> [Data to examine]:
....................
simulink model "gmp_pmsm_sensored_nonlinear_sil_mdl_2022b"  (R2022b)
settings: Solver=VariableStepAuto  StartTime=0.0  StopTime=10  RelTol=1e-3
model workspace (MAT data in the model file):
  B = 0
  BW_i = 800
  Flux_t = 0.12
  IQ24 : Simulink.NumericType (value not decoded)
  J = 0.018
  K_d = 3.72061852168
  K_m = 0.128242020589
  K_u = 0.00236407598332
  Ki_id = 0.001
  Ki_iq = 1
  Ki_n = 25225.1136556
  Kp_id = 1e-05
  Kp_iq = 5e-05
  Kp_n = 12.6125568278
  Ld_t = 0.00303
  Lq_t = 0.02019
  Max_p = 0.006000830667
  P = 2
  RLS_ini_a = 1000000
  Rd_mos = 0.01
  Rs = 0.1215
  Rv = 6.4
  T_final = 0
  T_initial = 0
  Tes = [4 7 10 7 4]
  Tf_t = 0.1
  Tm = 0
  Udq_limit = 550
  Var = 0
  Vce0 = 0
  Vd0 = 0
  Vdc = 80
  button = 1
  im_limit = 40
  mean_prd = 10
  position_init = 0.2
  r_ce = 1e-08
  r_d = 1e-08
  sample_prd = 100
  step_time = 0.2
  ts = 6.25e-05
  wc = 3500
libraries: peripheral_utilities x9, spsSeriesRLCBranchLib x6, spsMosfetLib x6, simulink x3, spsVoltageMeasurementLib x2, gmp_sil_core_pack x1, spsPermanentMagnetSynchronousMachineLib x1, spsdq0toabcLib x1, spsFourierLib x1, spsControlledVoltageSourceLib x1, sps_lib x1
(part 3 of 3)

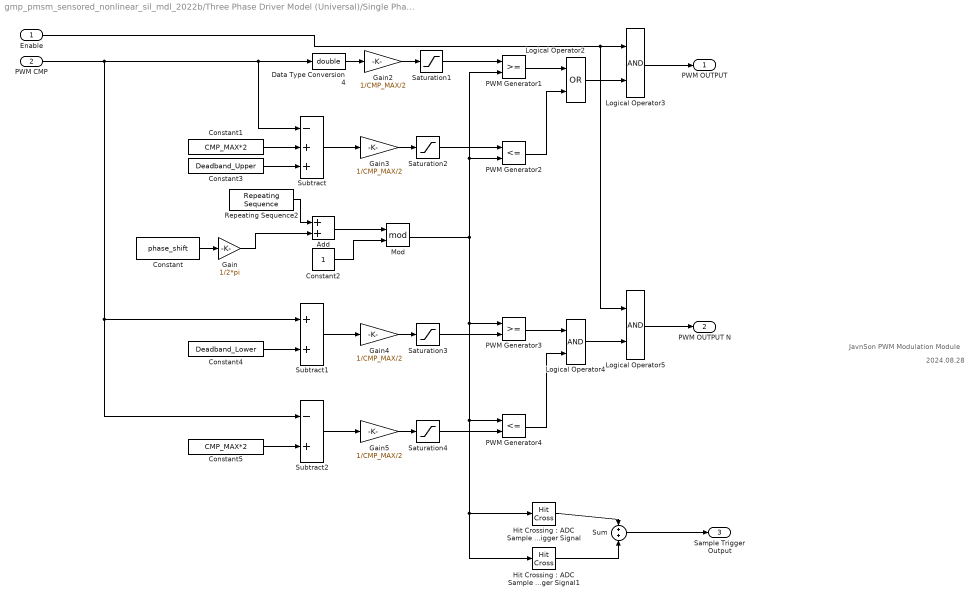
== system gmp_pmsm_sensored_nonlinear_sil_mdl_2022b/Three Phase Driver Model (Universal)/Single Phase Full Bridge V/Triangle PWM modulation (with deadband)1 ==
  note: JavnSon PWM Modulation Module
  note: 2024.08.28
  Enable : Inport
  PWM CMP : Inport  Port=2
  Add : Sum
  Constant : Constant  Value=phase_shift
  Constant1 : Constant  Value=CMP_MAX*2
  Constant2 : Constant
  Constant3 : Constant  Value=Deadband_Upper
  Constant4 : Constant  Value=Deadband_Lower
  Constant5 : Constant  Value=CMP_MAX*2
  Data Type Conversion4 : DataTypeConversion  OutDataTypeStr=double  SaturateOnIntegerOverflow=off  RndMeth=Floor
  Gain : Gain  Gain=1/2*pi
  Gain{2..5} (4 alike) : Gain  Gain=1/CMP_MAX/2
  Hit Crossing：ADC Sample Trigger Signal : HitCross  HitCrossingOffset=0.5  HitCrossingDirection=rising
  Hit Crossing：ADC Sample Trigger Signal1 : HitCross  HitCrossingOffset=0.5  HitCrossingDirection=falling
  Logical Operator2 : Logic  Operator=OR  AllPortsSameDT=off  OutDataTypeStr=boolean
  Logical Operator3 : Logic  AllPortsSameDT=off  OutDataTypeStr=boolean
  Logical Operator4 : Logic  AllPortsSameDT=off  OutDataTypeStr=boolean
  Logical Operator5 : Logic  AllPortsSameDT=off  OutDataTypeStr=boolean
  Mod : Math  Operator=mod
  PWM Generator1 : RelationalOperator  OutDataTypeStr=boolean  InputSameDT=off
  PWM Generator2 : RelationalOperator  Operator=<=  OutDataTypeStr=boolean  InputSameDT=off
  PWM Generator3 : RelationalOperator  OutDataTypeStr=boolean  InputSameDT=off
  PWM Generator4 : RelationalOperator  Operator=<=  OutDataTypeStr=boolean  InputSameDT=off
  Repeating Sequence2 : simulink/Sources/Repeating Sequence  rep_seq_t=[0, 1/2/fswitch, 1/fswitch ]  rep_seq_y=[0,0.5,1]
  Saturation{1..4} (4 alike) : Saturate  UpperLimit=1  LowerLimit=0
  Subtract : Sum  Inputs=-++
  Subtract1 : Sum
  Subtract2 : Sum  Inputs=-+
  Sum : Sum  Inputs=+|+
  PWM OUTPUT : Outport
  PWM OUTPUT N : Outport  Port=2
  Sample Trigger Output : Outport  Port=3
  wires:
  Constant/1 -> Gain/1
  Constant2/1 -> Mod/2
  Add/1 -> Mod/1
  Gain/1 -> Add/2
  Repeating Sequence2/1 -> Add/1
  Logical Operator3/1 -> PWM OUTPUT/1
  Logical Operator5/1 -> PWM OUTPUT N/1
  Enable/1 -> Logical Operator3/1, Logical Operator5/1
  Mod/1 -> PWM Generator4/1, Hit Crossing：ADC Sample Trigger Signal1/1, Hit Crossing：ADC Sample Trigger Signal/1, PWM Generator3/1, PWM Generator1/2, PWM Generator2/2
  Logical Operator4/1 -> Logical Operator5/2
  PWM Generator4/1 -> Logical Operator4/2
  Subtract2/1 -> Gain5/1
  Gain5/1 -> Saturation4/1
  Saturation4/1 -> PWM Generator4/2
  Constant5/1 -> Subtract2/2
  PWM Generator3/1 -> Logical Operator4/1
  Saturation3/1 -> PWM Generator3/2
  Subtract1/1 -> Gain4/1
  Gain4/1 -> Saturation3/1
  Constant4/1 -> Subtract1/2
  Saturation2/1 -> PWM Generator2/1
  Subtract/1 -> Gain3/1
  Gain3/1 -> Saturation2/1
  PWM Generator2/1 -> Logical Operator2/2
  Constant3/1 -> Subtract/3
  Constant1/1 -> Subtract/2
  Logical Operator2/1 -> Logical Operator3/2
  PWM Generator1/1 -> Logical Operator2/1
  Saturation1/1 -> PWM Generator1/1
  Gain2/1 -> Saturation1/1
  Data Type Conversion4/1 -> Gain2/1
  PWM CMP/1 -> Data Type Conversion4/1, Subtract/1, Subtract1/1, Subtract2/1
  Sum/1 -> Sample Trigger Output/1
  Hit Crossing：ADC Sample Trigger Signal/1 -> Sum/1
  Hit Crossing：ADC Sample Trigger Signal1/1 -> Sum/2

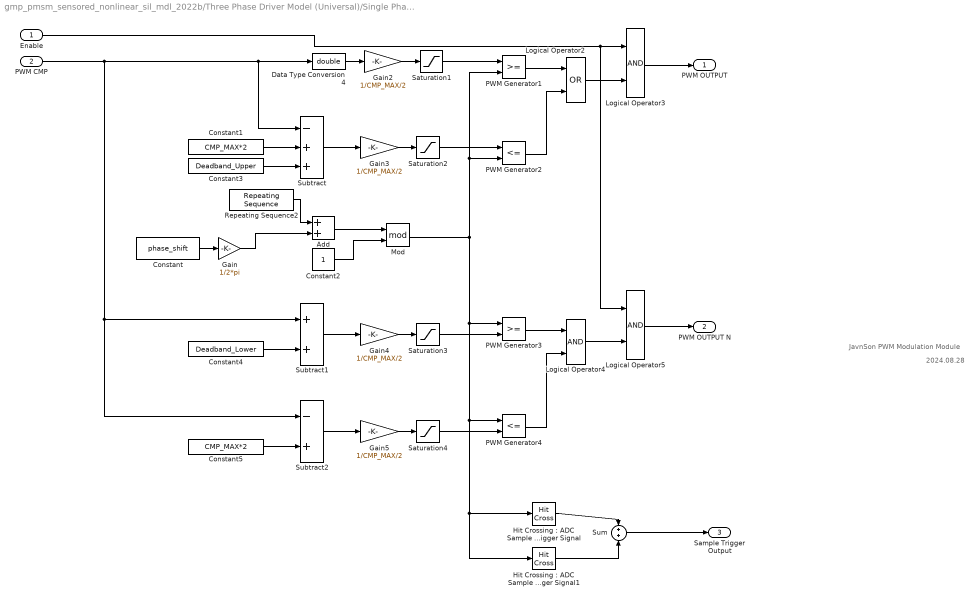
== system gmp_pmsm_sensored_nonlinear_sil_mdl_2022b/Three Phase Driver Model (Universal)/Single Phase Full Bridge W/Triangle PWM modulation (with deadband)1 ==
  note: JavnSon PWM Modulation Module
  note: 2024.08.28
  Enable : Inport
  PWM CMP : Inport  Port=2
  Add : Sum
  Constant : Constant  Value=phase_shift
  Constant1 : Constant  Value=CMP_MAX*2
  Constant2 : Constant
  Constant3 : Constant  Value=Deadband_Upper
  Constant4 : Constant  Value=Deadband_Lower
  Constant5 : Constant  Value=CMP_MAX*2
  Data Type Conversion4 : DataTypeConversion  OutDataTypeStr=double  SaturateOnIntegerOverflow=off  RndMeth=Floor
  Gain : Gain  Gain=1/2*pi
  Gain{2..5} (4 alike) : Gain  Gain=1/CMP_MAX/2
  Hit Crossing：ADC Sample Trigger Signal : HitCross  HitCrossingOffset=0.5  HitCrossingDirection=rising
  Hit Crossing：ADC Sample Trigger Signal1 : HitCross  HitCrossingOffset=0.5  HitCrossingDirection=falling
  Logical Operator2 : Logic  Operator=OR  AllPortsSameDT=off  OutDataTypeStr=boolean
  Logical Operator3 : Logic  AllPortsSameDT=off  OutDataTypeStr=boolean
  Logical Operator4 : Logic  AllPortsSameDT=off  OutDataTypeStr=boolean
  Logical Operator5 : Logic  AllPortsSameDT=off  OutDataTypeStr=boolean
  Mod : Math  Operator=mod
  PWM Generator1 : RelationalOperator  OutDataTypeStr=boolean  InputSameDT=off
  PWM Generator2 : RelationalOperator  Operator=<=  OutDataTypeStr=boolean  InputSameDT=off
  PWM Generator3 : RelationalOperator  OutDataTypeStr=boolean  InputSameDT=off
  PWM Generator4 : RelationalOperator  Operator=<=  OutDataTypeStr=boolean  InputSameDT=off
  Repeating Sequence2 : simulink/Sources/Repeating Sequence  rep_seq_t=[0, 1/2/fswitch, 1/fswitch ]  rep_seq_y=[0,0.5,1]
  Saturation{1..4} (4 alike) : Saturate  UpperLimit=1  LowerLimit=0
  Subtract : Sum  Inputs=-++
  Subtract1 : Sum
  Subtract2 : Sum  Inputs=-+
  Sum : Sum  Inputs=+|+
  PWM OUTPUT : Outport
  PWM OUTPUT N : Outport  Port=2
  Sample Trigger Output : Outport  Port=3
  wires:
  Constant/1 -> Gain/1
  Constant2/1 -> Mod/2
  Add/1 -> Mod/1
  Gain/1 -> Add/2
  Repeating Sequence2/1 -> Add/1
  Logical Operator3/1 -> PWM OUTPUT/1
  Logical Operator5/1 -> PWM OUTPUT N/1
  Enable/1 -> Logical Operator3/1, Logical Operator5/1
  Mod/1 -> PWM Generator4/1, Hit Crossing：ADC Sample Trigger Signal1/1, Hit Crossing：ADC Sample Trigger Signal/1, PWM Generator3/1, PWM Generator1/2, PWM Generator2/2
  Logical Operator4/1 -> Logical Operator5/2
  PWM Generator4/1 -> Logical Operator4/2
  Subtract2/1 -> Gain5/1
  Gain5/1 -> Saturation4/1
  Saturation4/1 -> PWM Generator4/2
  Constant5/1 -> Subtract2/2
  PWM Generator3/1 -> Logical Operator4/1
  Saturation3/1 -> PWM Generator3/2
  Subtract1/1 -> Gain4/1
  Gain4/1 -> Saturation3/1
  Constant4/1 -> Subtract1/2
  Saturation2/1 -> PWM Generator2/1
  Subtract/1 -> Gain3/1
  Gain3/1 -> Saturation2/1
  PWM Generator2/1 -> Logical Operator2/2
  Constant3/1 -> Subtract/3
  Constant1/1 -> Subtract/2
  Logical Operator2/1 -> Logical Operator3/2
  PWM Generator1/1 -> Logical Operator2/1
  Saturation1/1 -> PWM Generator1/1
  Gain2/1 -> Saturation1/1
  Data Type Conversion4/1 -> Gain2/1
  PWM CMP/1 -> Data Type Conversion4/1, Subtract/1, Subtract1/1, Subtract2/1
  Sum/1 -> Sample Trigger Output/1
  Hit Crossing：ADC Sample Trigger Signal/1 -> Sum/1
  Hit Crossing：ADC Sample Trigger Signal1/1 -> Sum/2

== system gmp_pmsm_sensored_nonlinear_sil_mdl_2022b/SynRM1/Electrical model/Subsystem/Angle converter ==
  theta : Inport
  Gain : Gain  Gain=180/pi
  Trigonometric Function : Trigonometry
  Trigonometric Function1 : Trigonometry  Operator=cos
  Trigonometric Function2 : Trigonometry  Operator=atan2
  the_deg : Outport  VectorParamsAs1DForOutWhenUnconnected=off
  wires:
  Trigonometric Function1/1 -> Trigonometric Function2/2
  Gain/1 -> the_deg/1
  Trigonometric Function2/1 -> Gain/1
  Trigonometric Function/1 -> Trigonometric Function2/1
  theta/1 -> Trigonometric Function1/1, Trigonometric Function/1

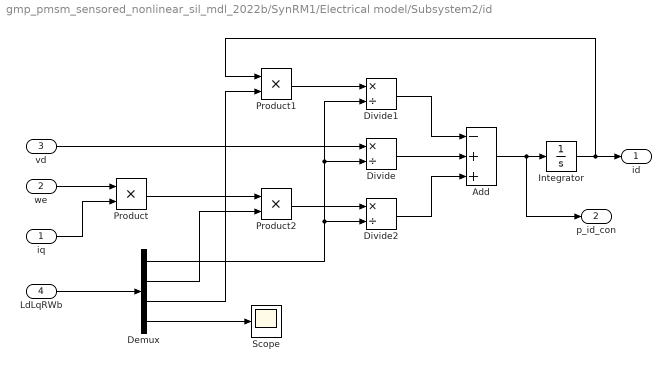
== system gmp_pmsm_sensored_nonlinear_sil_mdl_2022b/SynRM1/Electrical model/Subsystem2/id ==
  iq : Inport
  we : Inport  Port=2
  vd : Inport  Port=3
  LdLqRWb : Inport  Port=4
  Add : Sum  Inputs=-++
  Demux : Demux
  Divide : Product  Inputs=*/
  Divide1 : Product  Inputs=*/
  Divide2 : Product  Inputs=*/
  Integrator : Integrator
  Product : Product
  Product1 : Product
  Product2 : Product
  Scope : Scope
  id : Outport  VectorParamsAs1DForOutWhenUnconnected=off
  p_id_con : Outport  Port=2
  wires:
  we/1 -> Product/1
  iq/1 -> Product/2
  LdLqRWb/1 -> Demux/1
  Product/1 -> Product2/1
  Demux/2 -> Product2/2
  Demux/1 -> Divide1/2, Divide/2, Divide2/2
  Product2/1 -> Divide2/1
  vd/1 -> Divide/1
  Demux/3 -> Product1/2
  Integrator/1 -> Product1/1, id/1
  Add/1 -> p_id_con/1, Integrator/1
  Product1/1 -> Divide1/1
  Divide1/1 -> Add/1
  Divide/1 -> Add/2
  Divide2/1 -> Add/3
  Demux/4 -> Scope/1

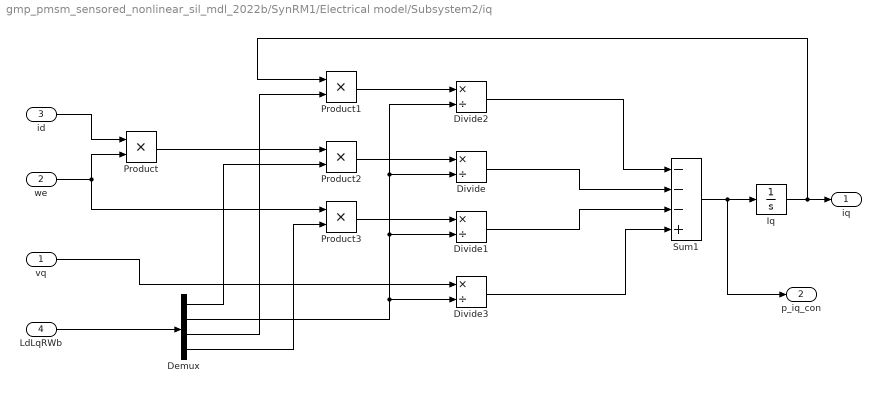
== system gmp_pmsm_sensored_nonlinear_sil_mdl_2022b/SynRM1/Electrical model/Subsystem2/iq ==
  vq : Inport
  we : Inport  Port=2
  id : Inport  Port=3
  LdLqRWb : Inport  Port=4
  Demux : Demux
  Divide{,1..3} (4 alike) : Product  Inputs=*/
  Iq : Integrator
  Product{,1..3} (4 alike) : Product
  Sum1 : Sum  Inputs=---+
  iq : Outport  VectorParamsAs1DForOutWhenUnconnected=off
  p_iq_con : Outport  Port=2
  wires:
  LdLqRWb/1 -> Demux/1
  Sum1/1 -> p_iq_con/1, Iq/1
  Iq/1 -> Product1/1, iq/1
  we/1 -> Product3/1, Product/2
  id/1 -> Product/1
  Demux/2 -> Divide1/2, Divide2/2, Divide/2, Divide3/2
  Product1/1 -> Divide2/1
  Demux/3 -> Product1/2
  Demux/1 -> Product2/2
  Product/1 -> Product2/1
  Demux/4 -> Product3/2
  vq/1 -> Divide3/1
  Divide2/1 -> Sum1/1
  Divide/1 -> Sum1/2
  Product2/1 -> Divide/1
  Product3/1 -> Divide1/1
  Divide1/1 -> Sum1/3
  Divide3/1 -> Sum1/4
....................
> [What to work on]:
Look over the entries above and tally the lines containing the string "Trigonometric"; the answer is that total only.

> [Final answer]:
7